Again, I agree. Personally, non stop dunking and one on one skills dont impress me.


----------



## gamadict (Jul 28, 2002)

*Re: If the NBA played more like FIBA would it be more exciting/would you watch it mor*

It's might be effective, who knows. I think it's probably excessive. But what's effective basketball isn't necessarily good basketball. Spectators don't want to watch guys intentionally hacking eachother, players probably don't like playing like that. 50ish years ago standing some huge guy right under the basket the entire time was effective, but it didn't make for an especially good game, so we have the lane. 50ish years ago passing the ball around for 10 minutes at a time was effective for underdogs, but it made for a putrid game, so we have the shot clock. And so on.

In FIBA ball, packing the lane and jacking lots of threes is effective, but I don't find it to be particularly good basketball. It turns a vigorous, athletic game into a precise technical contest. The NBA makes an effort to actually encourage athletic, entertaining play, and I think that's a good thing. I think you'll see other pro leagues adopt NBA-style measures to open up the game before you'll see the NBA adopt FIBA-style measures for whatever reason, because they're as concerned with presenting an enjoyable game as the NBA is.


----------



## katman17 (Jul 12, 2004)

Actually the Greeks today didnt win just because of jacking 3's all game, the pick and roll (simple basketball) was the reason. And Baby Shaq and the Greeks were driving dishing, some dunking, playing great D, it was great to watch and as a fan of basketball I would love to watch this style in the NBA!


----------



## T.Shock (Feb 11, 2003)

katman17 said:


> Actually the Greeks today didnt win just because of jacking 3's all game, the pick and roll (simple basketball) was the reason. And Baby Shaq and the Greeks were driving dishing, some dunking, playing great D, it was great to watch and as a fan of basketball I would love to watch this style in the NBA!


Ding ding ding. I guarantee that in a regular season NBA game you see more bad threes than you do in an average FIBA or European contest.

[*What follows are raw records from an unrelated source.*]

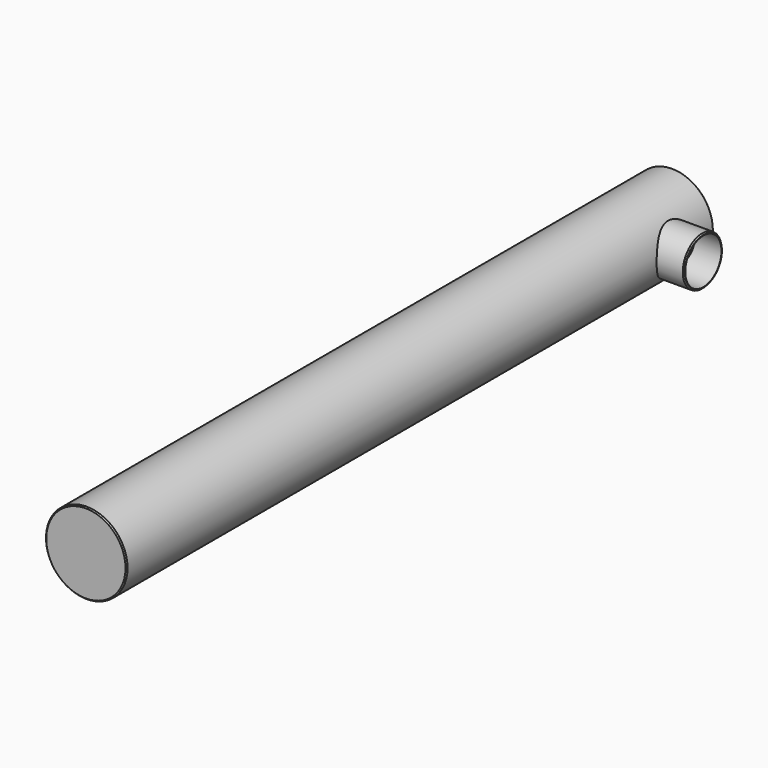
from build123d import *

# Parameters (mm, degrees)
F0_R     = 228.6
F0_R_2   = 222.25
F1_DEPTH = 4114.8
F2_SIZE  = 6.34999
F3_R     = 136.525
F3_R_2   = 127
F4_DEPTH = 25.4
F5_DEPTH = 381
F6_SIZE  = 6.35
F7_SIZE  = 6.34999


# Not quite as in the source:
# - a fillet or chamfer is up to 0.001 mm smaller than in the source, because OpenCascade refuses the exact size


with BuildPart() as f1:
    # F0 (on Front) → F1 (new body)
    with BuildSketch(Plane.XZ):
        Circle(F0_R)
        Circle(F0_R_2, mode=Mode.SUBTRACT)
    extrude(amount=F1_DEPTH)

    # F2 (size 6.35 in the source; OpenCascade refuses exactly that, so slightly less here)
    f2_edges = [f1.edges().sort_by_distance(p)[0] for p in [
        (-228.6, -4114.8, 0),
    ]]
    chamfer(f2_edges, length=F2_SIZE)

    # F7 (size 6.35 in the source; OpenCascade refuses exactly that, so slightly less here)
    f7_edges = [f1.edges().sort_by_distance(p)[0] for p in [
        (-228.6, 0, 0),
    ]]
    chamfer(f7_edges, length=F7_SIZE)


with BuildPart() as f4:
    # F3 (on Right) → F4 (new body)
    with BuildSketch(Plane.YZ):
        with Locations((-263.525, 0)):
            Circle(F3_R)
        with Locations((-263.525, 0)):
            Circle(F3_R_2, mode=Mode.SUBTRACT)
    extrude(amount=F4_DEPTH)


with BuildPart() as f5:
    # F3 (on Right) → F5 (new body)
    with BuildSketch(Plane.YZ):
        with Locations((-263.525, 0)):
            Circle(F3_R)
        with Locations((-263.525, 0)):
            Circle(F3_R_2, mode=Mode.SUBTRACT)
    extrude(amount=F5_DEPTH)

    # F6
    f6_edges = [f5.edges().sort_by_distance(p)[0] for p in [
        (381, -400.05, 0),
    ]]
    chamfer(f6_edges, length=F6_SIZE)


solid = Compound([f1.part, f4.part, f5.part])

You also see more offensive sets, better jump shooting, solid man-to-man and even better team defense. I don't watch NBA games anymore, the games are incredibly boring. I'd prefer a huge Big East matchup on a Monday night on ESPN with great crowds, good team basketball, and a team that's been together and has developed cohesiveness on both the offensive and defensive ends to a Lakers-Suns matchup on a Thursday night where Kobe goes 11-30 and half the other Lakers are jogging up court because the Suns are up 25 in the 3rd Quarter.


----------



## futuristxen (Jun 26, 2003)

*Re: If the NBA played more like FIBA would it be more exciting/would you watch it mor*



HKF said:


> I guess different strokes for different folks. I enjoy watching a Kobe Bryant-led Lakers team play more than I enjoy watching the Suns.


The ratings back you up. And how many people even lifelong lakers haters like myself were rooting for Kobe to upset the Suns in the first round? I think everyone was incredibly let down that the Lakers didn't pull it off.

And I agree with the point about thinking most euro teams play like the suns. There's some. About as many as there are in the NBA. But a lot of them play the style we saw in the world championship. 70 point hack fests. Relying entirely on the 3 point shot to get in and out of games. If NBA basketball relies too much on the dunk, FIBA basketball relies too heavily on the 3. There are exceptions. 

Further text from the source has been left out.